ASSIGNMENT:
What you return must match the records below character for character, except that no picture appears.

EXERCISE DATA:
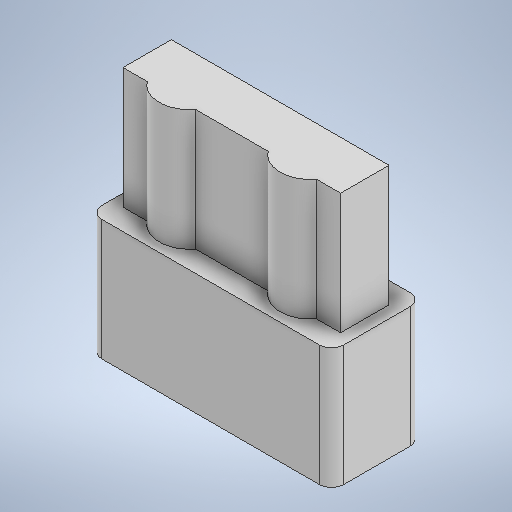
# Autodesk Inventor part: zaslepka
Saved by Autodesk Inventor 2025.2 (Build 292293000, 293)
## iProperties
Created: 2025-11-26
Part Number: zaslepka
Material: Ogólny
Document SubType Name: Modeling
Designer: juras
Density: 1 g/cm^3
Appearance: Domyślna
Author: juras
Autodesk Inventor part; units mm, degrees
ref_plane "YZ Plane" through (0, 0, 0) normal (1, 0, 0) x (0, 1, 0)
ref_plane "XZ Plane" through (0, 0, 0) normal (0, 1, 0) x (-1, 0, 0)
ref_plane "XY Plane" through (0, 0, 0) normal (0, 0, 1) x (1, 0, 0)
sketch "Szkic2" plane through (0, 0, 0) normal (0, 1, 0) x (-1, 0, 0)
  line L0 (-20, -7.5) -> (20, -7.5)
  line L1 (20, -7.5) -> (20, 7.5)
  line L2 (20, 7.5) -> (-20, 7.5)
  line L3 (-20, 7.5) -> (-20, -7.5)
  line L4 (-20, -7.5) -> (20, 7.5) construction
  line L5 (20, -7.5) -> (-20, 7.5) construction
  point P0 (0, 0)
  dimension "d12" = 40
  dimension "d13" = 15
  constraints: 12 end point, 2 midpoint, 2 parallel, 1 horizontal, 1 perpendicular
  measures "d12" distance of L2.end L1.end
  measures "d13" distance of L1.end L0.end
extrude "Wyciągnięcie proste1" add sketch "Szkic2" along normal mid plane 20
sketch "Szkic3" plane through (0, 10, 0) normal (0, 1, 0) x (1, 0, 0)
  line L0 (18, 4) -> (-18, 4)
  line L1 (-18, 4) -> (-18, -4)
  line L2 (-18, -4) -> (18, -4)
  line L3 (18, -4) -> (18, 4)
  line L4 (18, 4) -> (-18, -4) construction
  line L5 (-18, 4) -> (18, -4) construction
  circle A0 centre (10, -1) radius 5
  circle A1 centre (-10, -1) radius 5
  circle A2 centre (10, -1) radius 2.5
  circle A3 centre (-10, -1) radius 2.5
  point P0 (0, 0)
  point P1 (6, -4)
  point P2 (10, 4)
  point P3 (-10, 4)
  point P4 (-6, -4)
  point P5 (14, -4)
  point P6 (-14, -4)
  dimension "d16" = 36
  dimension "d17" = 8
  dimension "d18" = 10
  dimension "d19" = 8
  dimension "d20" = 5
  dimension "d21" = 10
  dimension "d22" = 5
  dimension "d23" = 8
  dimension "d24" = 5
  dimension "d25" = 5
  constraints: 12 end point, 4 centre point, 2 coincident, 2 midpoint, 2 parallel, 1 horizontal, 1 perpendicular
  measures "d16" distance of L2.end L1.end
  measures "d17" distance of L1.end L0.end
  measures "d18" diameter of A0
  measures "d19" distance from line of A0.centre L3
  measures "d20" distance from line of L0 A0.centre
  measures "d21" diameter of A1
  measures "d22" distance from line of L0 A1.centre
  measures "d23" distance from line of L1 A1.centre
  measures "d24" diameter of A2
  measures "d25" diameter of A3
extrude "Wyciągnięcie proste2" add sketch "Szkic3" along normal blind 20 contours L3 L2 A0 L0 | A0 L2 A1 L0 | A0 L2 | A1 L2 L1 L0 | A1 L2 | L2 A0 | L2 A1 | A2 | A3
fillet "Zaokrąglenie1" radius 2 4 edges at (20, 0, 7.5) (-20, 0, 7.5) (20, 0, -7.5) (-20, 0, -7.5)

SOLUTION FOR THIS PROBLEM:
# Autodesk Inventor part: zaslepka
Saved by Autodesk Inventor 2025.2 (Build 292293000, 293)
## iProperties
Created: 2025-11-26
Part Number: zaslepka
Material: Ogólny
Document SubType Name: Modeling
Designer: juras
Density: 1 g/cm^3
Appearance: Domyślna
Author: juras
Autodesk Inventor part; units mm, degrees
ref_plane "YZ Plane" through (0, 0, 0) normal (1, 0, 0) x (0, 1, 0)
ref_plane "XZ Plane" through (0, 0, 0) normal (0, 1, 0) x (-1, 0, 0)
ref_plane "XY Plane" through (0, 0, 0) normal (0, 0, 1) x (1, 0, 0)
sketch "Szkic2" plane through (0, 0, 0) normal (0, 1, 0) x (-1, 0, 0)
  line L0 (-20, -7.5) -> (20, -7.5)
  line L1 (20, -7.5) -> (20, 7.5)
  line L2 (20, 7.5) -> (-20, 7.5)
  line L3 (-20, 7.5) -> (-20, -7.5)
  line L4 (-20, -7.5) -> (20, 7.5) construction
  line L5 (20, -7.5) -> (-20, 7.5) construction
  point P0 (0, 0)
  dimension "d12" = 40
  dimension "d13" = 15
  constraints: 12 end point, 2 midpoint, 2 parallel, 1 horizontal, 1 perpendicular
  measures "d12" distance of L2.end L1.end
  measures "d13" distance of L1.end L0.end
extrude "Wyciągnięcie proste1" add sketch "Szkic2" along normal mid plane 20
sketch "Szkic3" plane through (0, 10, 0) normal (0, 1, 0) x (1, 0, 0)
  line L0 (18, 4) -> (-18, 4)
  line L1 (-18, 4) -> (-18, -4)
  line L2 (-18, -4) -> (18, -4)
  line L3 (18, -4) -> (18, 4)
  line L4 (18, 4) -> (-18, -4) construction
  line L5 (-18, 4) -> (18, -4) construction
  circle A0 centre (10, -1) radius 5
  circle A1 centre (-10, -1) radius 5
  circle A2 centre (10, -1) radius 2.5
  circle A3 centre (-10, -1) radius 2.5
  point P0 (0, 0)
  point P1 (6, -4)
  point P2 (10, 4)
  point P3 (-10, 4)
  point P4 (-6, -4)
  point P5 (14, -4)
  point P6 (-14, -4)
  dimension "d16" = 36
  dimension "d17" = 8
  dimension "d18" = 10
  dimension "d19" = 8
  dimension "d20" = 5
  dimension "d21" = 10
  dimension "d22" = 5
  dimension "d23" = 8
  dimension "d24" = 5
  dimension "d25" = 5
  constraints: 12 end point, 4 centre point, 2 coincident, 2 midpoint, 2 parallel, 1 horizontal, 1 perpendicular
  measures "d16" distance of L2.end L1.end
  measures "d17" distance of L1.end L0.end
  measures "d18" diameter of A0
  measures "d19" distance from line of A0.centre L3
  measures "d20" distance from line of L0 A0.centre
  measures "d21" diameter of A1
  measures "d22" distance from line of L0 A1.centre
  measures "d23" distance from line of L1 A1.centre
  measures "d24" diameter of A2
  measures "d25" diameter of A3
extrude "Wyciągnięcie proste2" add sketch "Szkic3" along normal blind 20 contours L3 L2 A0 L0 | A0 L2 A1 L0 | A0 L2 | A1 L2 L1 L0 | A1 L2 | L2 A0 | L2 A1 | A2 | A3
fillet "Zaokrąglenie1" radius 2 4 edges at (20, 0, 7.5) (-20, 0, 7.5) (20, 0, -7.5) (-20, 0, -7.5)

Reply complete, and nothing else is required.